No importa cuál sea la vocación o posición social del hombre interiormente bueno; lo que importa es que revela su alma, y esto es posible incluso en las condiciones más desfavorables. La verdadera grandeza del hombre y su mayor poder son independientes de la materia, el tiempo y el espacio. Dondequiera que un hombre bueno vive, ora, sufre y muere, íntimamente puro y santo, hay un enfoque divino, un centro de energías espirituales, y ondas vibrantes irradian a través de la Tierra tan sutiles y difíciles de medir y definir, pero que existen, y si estos hombres fueran muchos, quizás estas emanaciones psíquicas tomarían una forma más concreta y tangible, extendiendo un aura de paz, grandeza y armonía en toda la atmósfera de la tierra.

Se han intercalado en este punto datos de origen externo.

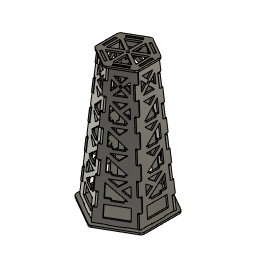
windmill v4 (Autodesk Fusion 360 design; units mm, degrees)
Autodesk Fusion 360 part; units mm, degrees
sketch "Sketch2" plane through (0, 0, 0) normal (0, 0, 1) x (1, 0, 0)
  line L0 (129.0294, -114.8559) -> (68.6327, -149.726)
  arc A0 (68.6327, -149.726) -> (63.1421, -149.726) centre (65.8874, -144.9709) cw
  line L1 (63.1421, -149.726) -> (2.7453, -114.8559)
  arc A1 (2.7453, -114.8559) -> (0, -110.1009) centre (5.4906, -110.1009) cw
  line L2 (0, -110.1009) -> (0, -40.3607)
  arc A2 (0, -40.3607) -> (2.7453, -35.6057) centre (5.4906, -40.3607) cw
  line L3 (2.7453, -35.6057) -> (63.1421, -0.7356)
  arc A3 (63.1421, -0.7356) -> (68.6327, -0.7356) centre (65.8874, -5.4906) cw
  line L4 (68.6327, -0.7356) -> (129.0294, -35.6057)
  arc A4 (129.0294, -35.6057) -> (131.7748, -40.3607) centre (126.2841, -40.3607) cw
  line L5 (131.7748, -40.3607) -> (131.7748, -110.1009)
  arc A5 (131.7748, -110.1009) -> (129.0294, -114.8559) centre (126.2841, -110.1009) cw
  line L6 (84.6564, -133.0999) -> (106.6189, -120.4198)
  line L7 (106.6189, -120.4198) -> (104.7697, -117.217)
  line L8 (104.7697, -117.217) -> (82.8073, -129.897)
  line L9 (82.8073, -129.897) -> (84.6564, -133.0999)
  line L10 (47.1183, -133.0997) -> (25.1558, -120.4197)
  line L11 (25.1558, -120.4197) -> (27.005, -117.2168)
  line L12 (27.005, -117.2168) -> (48.9674, -129.8969)
  line L13 (48.9674, -129.8969) -> (47.1183, -133.0997)
  line L14 (47.1183, -17.3616) -> (25.1558, -30.0416)
  line L15 (25.1558, -30.0416) -> (27.005, -33.2445)
  line L16 (27.005, -33.2445) -> (48.9674, -20.5645)
  line L17 (48.9674, -20.5645) -> (47.1183, -17.3616)
  line L18 (121.6896, -62.5506) -> (125.388, -62.5506)
  line L19 (125.388, -62.5506) -> (125.388, -87.9107)
  line L20 (125.388, -87.9107) -> (121.6896, -87.9107)
  line L21 (121.6896, -87.9107) -> (121.6896, -62.5506)
  line L22 (6.3867, -62.5506) -> (10.0851, -62.5506)
  line L23 (10.0851, -62.5506) -> (10.0851, -87.9107)
  line L24 (10.0851, -87.9107) -> (6.3867, -87.9107)
  line L25 (6.3867, -87.9107) -> (6.3867, -62.5506)
  line L26 (84.6564, -17.3616) -> (106.6189, -30.0416)
  line L27 (106.6189, -30.0416) -> (104.7697, -33.2445)
  line L28 (104.7697, -33.2445) -> (82.8073, -20.5645)
  line L29 (82.8073, -20.5645) -> (84.6564, -17.3616)
extrude "Extrude1" add sketch "Sketch2" along normal blind 3.175 makes body 1
sketch "Sketch4" plane through (0, 0, 0) normal (0, 0, 1) x (1, 0, 0)
  line L0 (18.968, -3.1158) -> (17.7262, -25.4072)
  line L1 (17.7262, -25.4072) -> (11.8611, -25.4072)
  arc A0 (11.3622, -25.8815) -> (11.8611, -25.4072) centre (11.8611, -25.9067) cw
  line L2 (11.3622, -25.8815) -> (10.145, -49.9595)
  arc A1 (10.6433, -50.4837) -> (10.145, -49.9595) centre (10.6433, -49.9847) cw
  line L3 (10.6433, -50.4837) -> (16.4585, -50.4837)
  line L4 (16.4585, -50.4837) -> (15.1903, -76.1274)
  line L5 (15.1903, -76.1274) -> (9.3252, -76.1274)
  arc A2 (8.8263, -76.6016) -> (9.3252, -76.1274) centre (9.3252, -76.6269) cw
  line L6 (8.8263, -76.6016) -> (7.6091, -100.6797)
  arc A3 (8.1074, -101.2038) -> (7.6091, -100.6797) centre (8.1074, -100.7049) cw
  line L7 (8.1074, -101.2038) -> (13.9226, -101.2038)
  line L8 (13.9226, -101.2038) -> (12.6544, -126.8475)
  line L9 (12.6544, -126.8475) -> (6.7893, -126.8475)
  arc A4 (6.2904, -127.3218) -> (6.7893, -126.8475) centre (6.7893, -127.347) cw
  line L10 (6.2904, -127.3218) -> (5.0727, -151.3998)
  arc A5 (5.571, -151.9239) -> (5.0727, -151.3998) centre (5.571, -151.425) cw
  line L11 (5.571, -151.9239) -> (11.3862, -151.9239)
  line L12 (11.3862, -151.9239) -> (10.1185, -177.5676)
  line L13 (10.1185, -177.5676) -> (4.2534, -177.5676)
  arc A6 (3.7545, -178.0419) -> (4.2534, -177.5676) centre (4.2534, -178.0671) cw
  line L14 (3.7545, -178.0419) -> (2.5368, -202.1199)
  arc A7 (3.0351, -202.644) -> (2.5368, -202.1199) centre (3.0351, -202.1451) cw
  line L15 (3.0351, -202.644) -> (8.8503, -202.644)
  line L16 (8.8503, -202.644) -> (7.5826, -228.2878)
  line L17 (7.5826, -228.2878) -> (1.7174, -228.2878)
  arc A8 (1.2188, -228.762) -> (1.7174, -228.2878) centre (1.7174, -228.787) cw
  line L18 (1.2188, -228.762) -> (0.0006, -253.0765)
  arc A9 (0.4992, -253.6006) -> (0.0006, -253.0765) centre (0.4992, -253.1015) cw
  line L19 (0.4992, -253.6006) -> (23.7494, -253.6006)
  line L20 (23.7494, -253.6006) -> (23.7494, -255.7351)
  arc A10 (24.2566, -256.2423) -> (23.7494, -255.7351) centre (24.2566, -255.7351) cw
  line L21 (24.2566, -256.2423) -> (48.6023, -256.2423)
  arc A11 (49.1095, -255.7351) -> (48.6023, -256.2423) centre (48.6023, -255.7351) cw
  line L22 (49.1095, -255.7351) -> (49.1095, -253.6006)
  line L23 (49.1095, -253.6006) -> (66.0203, -253.6006)
  arc A12 (66.5186, -253.077) -> (66.0203, -253.6006) centre (66.0203, -253.1017) cw
  line L24 (66.5186, -253.077) -> (65.2763, -228.0041)
  line L25 (65.2763, -228.0041) -> (71.0904, -228.0041)
  arc A13 (71.5898, -227.4788) -> (71.0904, -228.0041) centre (71.0904, -227.5041) cw
  line L26 (71.5898, -227.4788) -> (70.3726, -203.4009)
  arc A14 (69.8748, -202.9277) -> (70.3726, -203.4009) centre (69.8748, -203.4261) cw
  line L27 (69.8748, -202.9277) -> (64.0086, -202.9277)
  line L28 (64.0086, -202.9277) -> (62.7404, -177.284)
  line L29 (62.7404, -177.284) -> (68.5545, -177.284)
  arc A15 (69.0539, -176.7587) -> (68.5545, -177.284) centre (68.5545, -176.784) cw
  line L30 (69.0539, -176.7587) -> (67.8367, -152.6808)
  arc A16 (67.3389, -152.2076) -> (67.8367, -152.6808) centre (67.3389, -152.706) cw
  line L31 (67.3389, -152.2076) -> (61.4727, -152.2076)
  line L32 (61.4727, -152.2076) -> (60.2058, -126.5889)
  arc A17 (60.2058, -126.5889) -> (60.2296, -126.5639) centre (60.2296, -126.5878) cw
  line L33 (60.2296, -126.5639) -> (66.0186, -126.5639)
  arc A18 (66.518, -126.0386) -> (66.0186, -126.5639) centre (66.0186, -126.0639) cw
  line L34 (66.518, -126.0386) -> (65.3016, -101.9861)
  arc A19 (64.7771, -101.4875) -> (65.3016, -101.9861) centre (64.7771, -102.0126) cw
  line L35 (64.7771, -101.4875) -> (58.9363, -101.4875)
  line L36 (58.9363, -101.4875) -> (57.6686, -75.8438)
  line L37 (57.6686, -75.8438) -> (63.4827, -75.8438)
  arc A20 (63.9821, -75.3184) -> (63.4827, -75.8438) centre (63.4827, -75.3437) cw
  line L38 (63.9821, -75.3184) -> (62.7643, -51.2405)
  arc A21 (62.2666, -50.7673) -> (62.7643, -51.2405) centre (62.2666, -51.2657) cw
  line L39 (62.2666, -50.7673) -> (56.4004, -50.7673)
  line L40 (56.4004, -50.7673) -> (55.1327, -25.1236)
  line L41 (55.1327, -25.1236) -> (60.9474, -25.1236)
  arc A22 (61.4431, -24.5991) -> (60.9474, -25.1236) centre (60.9474, -24.627) cw
  line L42 (61.4431, -24.5991) -> (60.2312, -3.1153)
  arc A23 (59.7301, -2.6417) -> (60.2312, -3.1153) centre (59.7301, -3.1436) cw
  line L43 (59.7301, -2.6417) -> (49.1095, -2.6417)
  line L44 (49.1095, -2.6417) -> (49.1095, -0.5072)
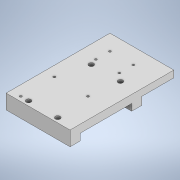
# Autodesk Inventor part: P132SupportCamera
Saved by Autodesk Inventor 2020 (Build 240168000, 168)
## iProperties
Created: 2021-07-29
Part Number: P132SupportCamera
Material: Generic
Document SubType Name: Modeling
Designer: brice.dubuis
Density: 1 g/cm^3
Appearance: Default
Author: brice.dubuis
Autodesk Inventor part; units mm, degrees
ref_plane "YZ Plane" through (0, 0, 0) normal (1, 0, 0) x (0, 1, 0)
ref_plane "XZ Plane" through (0, 0, 0) normal (0, 1, 0) x (-1, 0, 0)
ref_plane "XY Plane" through (0, 0, 0) normal (0, 0, 1) x (1, 0, 0)
sketch "Sketch1" plane through (0, 0, 0) normal (0, 1, 0) x (-1, 0, 0)
  line L0 (0, 0) -> (57, 0)
  line L1 (57, 0) -> (57, -64)
  line L2 (57, -64) -> (0, -64)
  line L3 (0, -64) -> (0, 0)
  dimension "d0" = 57
  dimension "d1" = 64
  constraints: 8 end point, 2 parallel, 1 horizontal, 1 perpendicular
  measures "d0" distance between parallel lines of L3 L1
  measures "d1" distance between parallel lines of L0 L2
extrude "Extrusion1" add sketch "Sketch1" along normal blind 7
sketch "Sketch2" plane through (0, 7, 0) normal (0, 1, 0) x (1, 0, 0)
  line L0 (-57, 64) -> (-57, 0) projected
  line L1 (-57, 0) -> (0, 0) projected
  line L2 (0, 64) -> (-57, 64) projected
  point P0 (-41, 4)
  point P1 (-15, 4)
  point P2 (-41, 60)
  point P3 (-15, 60)
  dimension "d4" = 26
  dimension "d5" = 16
  dimension "d6" = 4
  dimension "d7" = 4
  dimension "d8" = 4
  dimension "d9" = 4
  dimension "d10" = 26
  dimension "d11" = 16
  measures "d4" distance of point (-15, 4) point (-41, 4)
  measures "d5" distance from line of L0 point (-41, 4)
  measures "d6" distance from line of L1 point (-41, 4)
  measures "d7" distance from line of L1 point (-15, 4)
  measures "d8" distance from line of L2 point (-41, 60)
  measures "d9" distance from line of L2 point (-15, 60)
  measures "d10" distance of point (-41, 60) point (-15, 60)
  measures "d11" distance from line of L0 point (-41, 60)
sketch "Sketch3" plane through (0, 0, 0) normal (0, -1, 0) x (1, 0, 0)
  line L0 (0, -64) -> (-57, -64) projected
  line L1 (0, 0) -> (0, -64) projected
  line L2 (-57, -64) -> (0, -64)
  line L3 (0, -64) -> (0, -55)
  line L4 (0, -55) -> (-57, -55)
  line L5 (-57, -55) -> (-57, -64)
  line L6 (-57, -64) -> (-57, 0) projected
  line L7 (-57, 0) -> (0, 0)
  line L8 (0, 0) -> (0, -9)
  line L9 (0, -9) -> (-57, -9)
  line L10 (-57, -9) -> (-57, 0)
  dimension "d12" = 9
  dimension "d13" = 9
  constraints: 16 end point, 4 parallel, 2 horizontal, 2 perpendicular, 2 point on line
  measures "d12" distance between parallel lines of L0 L4
  measures "d13" distance between parallel lines of L7 L9
extrude "Extrusion2" add sketch "Sketch3" along normal blind 6 contours L0 L5 L4 L1 | L9 L6 L7 L1
hole "Hole1" at (-41, 7, -4) at (-15, 7, -4) at (-41, 7, -60) at (-15, 7, -60) direction (0, -1, 0) diameter 4.3 end through all
sketch "Sketch4" plane through (0, 7, 0) normal (0, 1, 0) x (1, 0, 0)
  line L0 (-57, 0) -> (0, 0) projected
  line L1 (-57, 64) -> (-57, 0) projected
  line L2 (0, 0) -> (0, 64) projected
  line L3 (-63.6235, 34) -> (1.4941, 34) construction
  line L4 (-48, -4.864) -> (-48, 68.9429) construction
  point P0 (-48, 4)
  point P1 (-48, 34)
  point P2 (-18, 34)
  dimension "d28" = 4
  dimension "d30" = 9
  dimension "d41" = 30
  dimension "d42" = 30
  constraints: 4 end point, 4 point on line, 1 horizontal, 1 vertical
  measures "d28" distance from line of L0 point (-48, 4)
  measures "d30" distance from line of L1 point (-48, 34)
  measures "d41" distance from line of point (-18, 34) L4
  measures "d42" distance from line of point (-48, 4) L3
hole "Hole2" at (-48, 7, -4) at (-48, 7, -34) at (-18, 7, -34) direction (0, -1, 0) diameter 2.05 end through all
sketch "Sketch5" plane through (0, 7, -64) normal (0, 0, -1) x (-1, 0, 0)
  line L0 (57, -13) -> (57, 0) projected
  line L1 (0, 0) -> (57, 0)
  line L2 (57, 0) -> (57, -6)
  line L3 (57, -6) -> (0, -6)
  line L4 (0, -6) -> (0, 0)
  point P0 (0, -7)
  dimension "d43" = 6
  constraints: 8 end point, 2 parallel, 1 horizontal, 1 perpendicular, 1 point on line
  measures "d43" distance between parallel lines of L3 L1
extrude "Extrusion3" add sketch "Sketch5" along normal blind 28.63
sketch "Sketch6" plane through (0, 7, 0) normal (0, 1, 0) x (1, 0, 0)
  line L0 (-43, 25.0666) -> (-43, 99.5095) construction
  line L1 (-57, 92.63) -> (0, 92.63) projected
  line L2 (-22, 34.9149) -> (-22, 94.8811) construction
  line L3 (-39.656, 66) -> (-5.0422, 66) construction
  line L4 (-57, 0) -> (0, 0) projected
  line L5 (0, 0) -> (0, 92.63) projected
  line L6 (-49.1509, 78.5) -> (-3.6175, 78.5) construction
  point P0 (-43, 66)
  point P1 (-22, 66)
  point P2 (-43, 78.5)
  point P3 (-22, 78.5)
  dimension "d46" = 21
  dimension "d47" = 66
  dimension "d48" = 22
  dimension "d49" = 12.5
  constraints: 8 end point, 8 point on line, 2 perpendicular, 1 horizontal, 1 vertical
  measures "d46" distance between parallel lines of L2 L0
  measures "d47" distance between parallel lines of L4 L3
  measures "d48" distance between parallel lines of L5 L2
  measures "d49" distance between parallel lines of L3 L6
hole "Hole3" at (-43, 7, -66) at (-22, 7, -66) at (-43, 7, -78.5) at (-22, 7, -78.5) direction (0, -1, 0) diameter 1.9 end through all
body "Solid1"
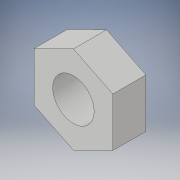
# Autodesk Inventor part: M5-nut
Saved by Autodesk Inventor 2018 (Build 220112000, 112)
## iProperties
Created: 2017-10-07
Part Number: M5-nut
Material: Generic
Document SubType Name: Modeling
Designer: Jurjen
Density: 1 g/cm^3
Appearance: Default
Author: Jurjen
Autodesk Inventor part; units mm, degrees
ref_plane "YZ Plane" through (0, 0, 0) normal (1, 0, 0) x (0, 1, 0)
ref_plane "XZ Plane" through (0, 0, 0) normal (0, 1, 0) x (-1, 0, 0)
ref_plane "XY Plane" through (0, 0, 0) normal (0, 0, 1) x (1, 0, 0)
sketch "Sketch1" plane through (0, 0, 0) normal (0, 0, 1) x (1, 0, 0)
  line L0 (-4.75, 2.9559) -> (0, 5.2945)
  line L1 (0, 5.2945) -> (4.75, 2.9559)
  line L2 (4.75, 2.9559) -> (4.75, -2.9559)
  line L3 (4.75, -2.9559) -> (0, -5.2945)
  line L4 (0, -5.2945) -> (-4.75, -2.9559)
  line L5 (-4.75, -2.9559) -> (-4.75, 2.9559)
  circle A0 centre (0, 0) radius 2.5
  circle A1 centre (0, 0) radius 4.75
  point P0 (4.75, 0)
  dimension "d6" = 5
  dimension "d8" = 9.5
  constraints: 12 end point, 3 horizontal alignment, 3 parallel, 2 centre point, 2 coincident, 2 tangent, 2 vertical alignment, 1 midpoint, 1 vertical
  measures "d6" diameter of A0
  measures "d8" diameter of A1
extrude "Extrusion1" add sketch "Sketch1" along normal blind 4
body "Solid1"

Todo hombre, cuando no está debidamente espiritualizado, vive en la extraña ilusión de que su influencia en otros hombres proviene de sus palabras o sus actos externos, porque piensa que es su conocimiento, su experiencia, su elocuencia lo que conduce almas del error a la verdad, de la oscuridad del mal a la luz de la virtud. Y es muy difícil sacarlo de esa ilusión. Es el último y más arduo capítulo de psicología, pedagogía y también de la vida espiritual, convencernos íntima y profundamente de que no es nuestro conocimiento o poder lo que hace a los hombres mejores, sino solo nuestro Ser. Lo que influye en los demás, lo que los mueve, sacude, arrastra, ilumina, convierte, santifica, es, en última instancia, nuestra personalidad santa y pura, y no nuestra actividad ardiente y llamativa.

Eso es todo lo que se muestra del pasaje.